Exercise instructions: Leave out the pictures and transcribe the rest of the records exactly.

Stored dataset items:
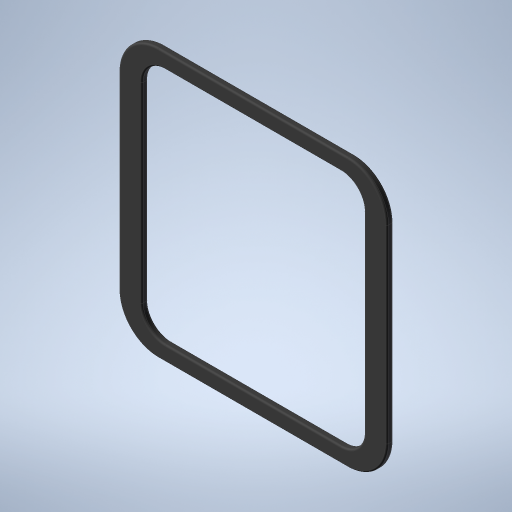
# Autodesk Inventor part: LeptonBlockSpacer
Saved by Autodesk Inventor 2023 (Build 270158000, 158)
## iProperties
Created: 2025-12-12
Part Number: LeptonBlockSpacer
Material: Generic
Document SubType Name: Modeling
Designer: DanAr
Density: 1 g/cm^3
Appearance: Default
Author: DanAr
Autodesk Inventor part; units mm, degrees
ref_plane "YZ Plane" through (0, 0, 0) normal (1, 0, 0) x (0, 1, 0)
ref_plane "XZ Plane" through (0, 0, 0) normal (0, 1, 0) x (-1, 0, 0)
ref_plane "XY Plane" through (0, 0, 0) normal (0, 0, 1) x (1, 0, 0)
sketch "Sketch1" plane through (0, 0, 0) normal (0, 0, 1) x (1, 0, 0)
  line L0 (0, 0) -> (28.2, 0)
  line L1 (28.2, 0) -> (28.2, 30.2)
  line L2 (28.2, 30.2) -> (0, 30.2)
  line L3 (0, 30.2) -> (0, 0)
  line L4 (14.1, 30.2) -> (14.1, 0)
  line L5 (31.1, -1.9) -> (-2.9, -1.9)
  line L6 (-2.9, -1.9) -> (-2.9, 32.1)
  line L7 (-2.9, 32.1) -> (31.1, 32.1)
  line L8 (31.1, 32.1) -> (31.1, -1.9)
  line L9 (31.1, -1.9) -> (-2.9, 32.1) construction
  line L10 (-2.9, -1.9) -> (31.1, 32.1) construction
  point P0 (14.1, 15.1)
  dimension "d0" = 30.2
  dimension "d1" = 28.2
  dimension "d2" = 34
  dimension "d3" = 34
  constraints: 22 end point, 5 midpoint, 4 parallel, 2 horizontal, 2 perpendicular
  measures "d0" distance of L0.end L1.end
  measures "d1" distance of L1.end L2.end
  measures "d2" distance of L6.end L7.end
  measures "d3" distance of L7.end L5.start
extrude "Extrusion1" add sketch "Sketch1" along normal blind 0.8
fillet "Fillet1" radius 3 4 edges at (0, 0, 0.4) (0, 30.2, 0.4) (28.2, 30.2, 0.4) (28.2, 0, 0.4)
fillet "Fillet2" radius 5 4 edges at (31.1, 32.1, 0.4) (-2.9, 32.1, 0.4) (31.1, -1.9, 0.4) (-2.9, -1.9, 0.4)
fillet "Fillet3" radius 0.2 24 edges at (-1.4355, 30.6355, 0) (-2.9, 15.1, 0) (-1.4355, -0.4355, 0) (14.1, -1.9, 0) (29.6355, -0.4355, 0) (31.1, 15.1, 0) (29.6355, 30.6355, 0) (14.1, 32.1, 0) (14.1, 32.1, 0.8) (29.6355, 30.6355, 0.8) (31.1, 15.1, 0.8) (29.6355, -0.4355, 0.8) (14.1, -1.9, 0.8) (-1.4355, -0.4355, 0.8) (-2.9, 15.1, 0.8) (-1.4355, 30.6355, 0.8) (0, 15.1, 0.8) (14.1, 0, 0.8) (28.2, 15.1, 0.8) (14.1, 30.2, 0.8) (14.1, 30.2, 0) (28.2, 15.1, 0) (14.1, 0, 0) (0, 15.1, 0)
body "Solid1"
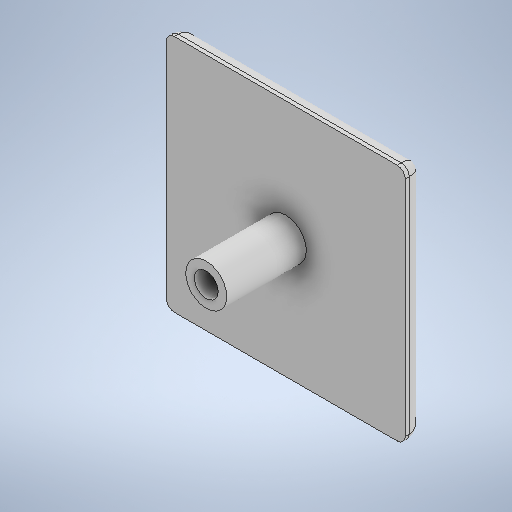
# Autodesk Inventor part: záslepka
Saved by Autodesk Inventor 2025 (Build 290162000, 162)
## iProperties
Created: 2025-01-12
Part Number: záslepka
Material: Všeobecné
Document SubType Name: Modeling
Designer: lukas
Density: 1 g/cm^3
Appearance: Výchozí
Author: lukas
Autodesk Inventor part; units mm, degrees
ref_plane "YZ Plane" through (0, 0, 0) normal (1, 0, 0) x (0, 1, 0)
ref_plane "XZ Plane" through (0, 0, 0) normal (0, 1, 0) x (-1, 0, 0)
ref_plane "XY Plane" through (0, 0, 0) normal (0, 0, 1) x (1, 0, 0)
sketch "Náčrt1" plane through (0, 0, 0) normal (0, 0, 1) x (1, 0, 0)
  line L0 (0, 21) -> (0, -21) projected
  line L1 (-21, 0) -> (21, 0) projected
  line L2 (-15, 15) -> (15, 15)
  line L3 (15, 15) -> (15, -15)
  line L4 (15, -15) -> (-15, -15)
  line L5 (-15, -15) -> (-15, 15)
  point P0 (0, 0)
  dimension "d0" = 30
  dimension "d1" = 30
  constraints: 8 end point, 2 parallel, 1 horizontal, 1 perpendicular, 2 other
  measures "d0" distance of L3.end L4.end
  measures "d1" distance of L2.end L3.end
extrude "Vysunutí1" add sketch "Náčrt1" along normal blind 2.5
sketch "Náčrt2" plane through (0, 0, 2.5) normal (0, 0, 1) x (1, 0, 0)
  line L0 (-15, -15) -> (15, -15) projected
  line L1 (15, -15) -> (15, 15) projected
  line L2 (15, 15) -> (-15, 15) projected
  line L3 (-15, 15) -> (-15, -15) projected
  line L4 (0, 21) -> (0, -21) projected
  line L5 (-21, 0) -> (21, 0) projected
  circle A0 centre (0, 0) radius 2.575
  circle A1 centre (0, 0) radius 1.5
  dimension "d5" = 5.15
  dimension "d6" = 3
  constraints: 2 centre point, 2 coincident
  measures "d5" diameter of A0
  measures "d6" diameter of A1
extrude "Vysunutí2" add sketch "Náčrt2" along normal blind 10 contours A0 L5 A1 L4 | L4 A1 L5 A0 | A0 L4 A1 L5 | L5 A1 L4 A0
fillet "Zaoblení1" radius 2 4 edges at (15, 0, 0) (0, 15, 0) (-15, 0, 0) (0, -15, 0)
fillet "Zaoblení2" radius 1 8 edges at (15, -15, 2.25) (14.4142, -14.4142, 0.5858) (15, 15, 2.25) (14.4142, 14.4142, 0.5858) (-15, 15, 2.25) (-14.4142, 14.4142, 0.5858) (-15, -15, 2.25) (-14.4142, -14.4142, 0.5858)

Exercise output:
# Autodesk Inventor part: LeptonBlockSpacer
Saved by Autodesk Inventor 2023 (Build 270158000, 158)
## iProperties
Created: 2025-12-12
Part Number: LeptonBlockSpacer
Material: Generic
Document SubType Name: Modeling
Designer: DanAr
Density: 1 g/cm^3
Appearance: Default
Author: DanAr
Autodesk Inventor part; units mm, degrees
ref_plane "YZ Plane" through (0, 0, 0) normal (1, 0, 0) x (0, 1, 0)
ref_plane "XZ Plane" through (0, 0, 0) normal (0, 1, 0) x (-1, 0, 0)
ref_plane "XY Plane" through (0, 0, 0) normal (0, 0, 1) x (1, 0, 0)
sketch "Sketch1" plane through (0, 0, 0) normal (0, 0, 1) x (1, 0, 0)
  line L0 (0, 0) -> (28.2, 0)
  line L1 (28.2, 0) -> (28.2, 30.2)
  line L2 (28.2, 30.2) -> (0, 30.2)
  line L3 (0, 30.2) -> (0, 0)
  line L4 (14.1, 30.2) -> (14.1, 0)
  line L5 (31.1, -1.9) -> (-2.9, -1.9)
  line L6 (-2.9, -1.9) -> (-2.9, 32.1)
  line L7 (-2.9, 32.1) -> (31.1, 32.1)
  line L8 (31.1, 32.1) -> (31.1, -1.9)
  line L9 (31.1, -1.9) -> (-2.9, 32.1) construction
  line L10 (-2.9, -1.9) -> (31.1, 32.1) construction
  point P0 (14.1, 15.1)
  dimension "d0" = 30.2
  dimension "d1" = 28.2
  dimension "d2" = 34
  dimension "d3" = 34
  constraints: 22 end point, 5 midpoint, 4 parallel, 2 horizontal, 2 perpendicular
  measures "d0" distance of L0.end L1.end
  measures "d1" distance of L1.end L2.end
  measures "d2" distance of L6.end L7.end
  measures "d3" distance of L7.end L5.start
extrude "Extrusion1" add sketch "Sketch1" along normal blind 0.8
fillet "Fillet1" radius 3 4 edges at (0, 0, 0.4) (0, 30.2, 0.4) (28.2, 30.2, 0.4) (28.2, 0, 0.4)
fillet "Fillet2" radius 5 4 edges at (31.1, 32.1, 0.4) (-2.9, 32.1, 0.4) (31.1, -1.9, 0.4) (-2.9, -1.9, 0.4)
fillet "Fillet3" radius 0.2 24 edges at (-1.4355, 30.6355, 0) (-2.9, 15.1, 0) (-1.4355, -0.4355, 0) (14.1, -1.9, 0) (29.6355, -0.4355, 0) (31.1, 15.1, 0) (29.6355, 30.6355, 0) (14.1, 32.1, 0) (14.1, 32.1, 0.8) (29.6355, 30.6355, 0.8) (31.1, 15.1, 0.8) (29.6355, -0.4355, 0.8) (14.1, -1.9, 0.8) (-1.4355, -0.4355, 0.8) (-2.9, 15.1, 0.8) (-1.4355, 30.6355, 0.8) (0, 15.1, 0.8) (14.1, 0, 0.8) (28.2, 15.1, 0.8) (14.1, 30.2, 0.8) (14.1, 30.2, 0) (28.2, 15.1, 0) (14.1, 0, 0) (0, 15.1, 0)
body "Solid1"
# Autodesk Inventor part: záslepka
Saved by Autodesk Inventor 2025 (Build 290162000, 162)
## iProperties
Created: 2025-01-12
Part Number: záslepka
Material: Všeobecné
Document SubType Name: Modeling
Designer: lukas
Density: 1 g/cm^3
Appearance: Výchozí
Author: lukas
Autodesk Inventor part; units mm, degrees
ref_plane "YZ Plane" through (0, 0, 0) normal (1, 0, 0) x (0, 1, 0)
ref_plane "XZ Plane" through (0, 0, 0) normal (0, 1, 0) x (-1, 0, 0)
ref_plane "XY Plane" through (0, 0, 0) normal (0, 0, 1) x (1, 0, 0)
sketch "Náčrt1" plane through (0, 0, 0) normal (0, 0, 1) x (1, 0, 0)
  line L0 (0, 21) -> (0, -21) projected
  line L1 (-21, 0) -> (21, 0) projected
  line L2 (-15, 15) -> (15, 15)
  line L3 (15, 15) -> (15, -15)
  line L4 (15, -15) -> (-15, -15)
  line L5 (-15, -15) -> (-15, 15)
  point P0 (0, 0)
  dimension "d0" = 30
  dimension "d1" = 30
  constraints: 8 end point, 2 parallel, 1 horizontal, 1 perpendicular, 2 other
  measures "d0" distance of L3.end L4.end
  measures "d1" distance of L2.end L3.end
extrude "Vysunutí1" add sketch "Náčrt1" along normal blind 2.5
sketch "Náčrt2" plane through (0, 0, 2.5) normal (0, 0, 1) x (1, 0, 0)
  line L0 (-15, -15) -> (15, -15) projected
  line L1 (15, -15) -> (15, 15) projected
  line L2 (15, 15) -> (-15, 15) projected
  line L3 (-15, 15) -> (-15, -15) projected
  line L4 (0, 21) -> (0, -21) projected
  line L5 (-21, 0) -> (21, 0) projected
  circle A0 centre (0, 0) radius 2.575
  circle A1 centre (0, 0) radius 1.5
  dimension "d5" = 5.15
  dimension "d6" = 3
  constraints: 2 centre point, 2 coincident
  measures "d5" diameter of A0
  measures "d6" diameter of A1
extrude "Vysunutí2" add sketch "Náčrt2" along normal blind 10 contours A0 L5 A1 L4 | L4 A1 L5 A0 | A0 L4 A1 L5 | L5 A1 L4 A0
fillet "Zaoblení1" radius 2 4 edges at (15, 0, 0) (0, 15, 0) (-15, 0, 0) (0, -15, 0)
fillet "Zaoblení2" radius 1 8 edges at (15, -15, 2.25) (14.4142, -14.4142, 0.5858) (15, 15, 2.25) (14.4142, 14.4142, 0.5858) (-15, 15, 2.25) (-14.4142, 14.4142, 0.5858) (-15, -15, 2.25) (-14.4142, -14.4142, 0.5858)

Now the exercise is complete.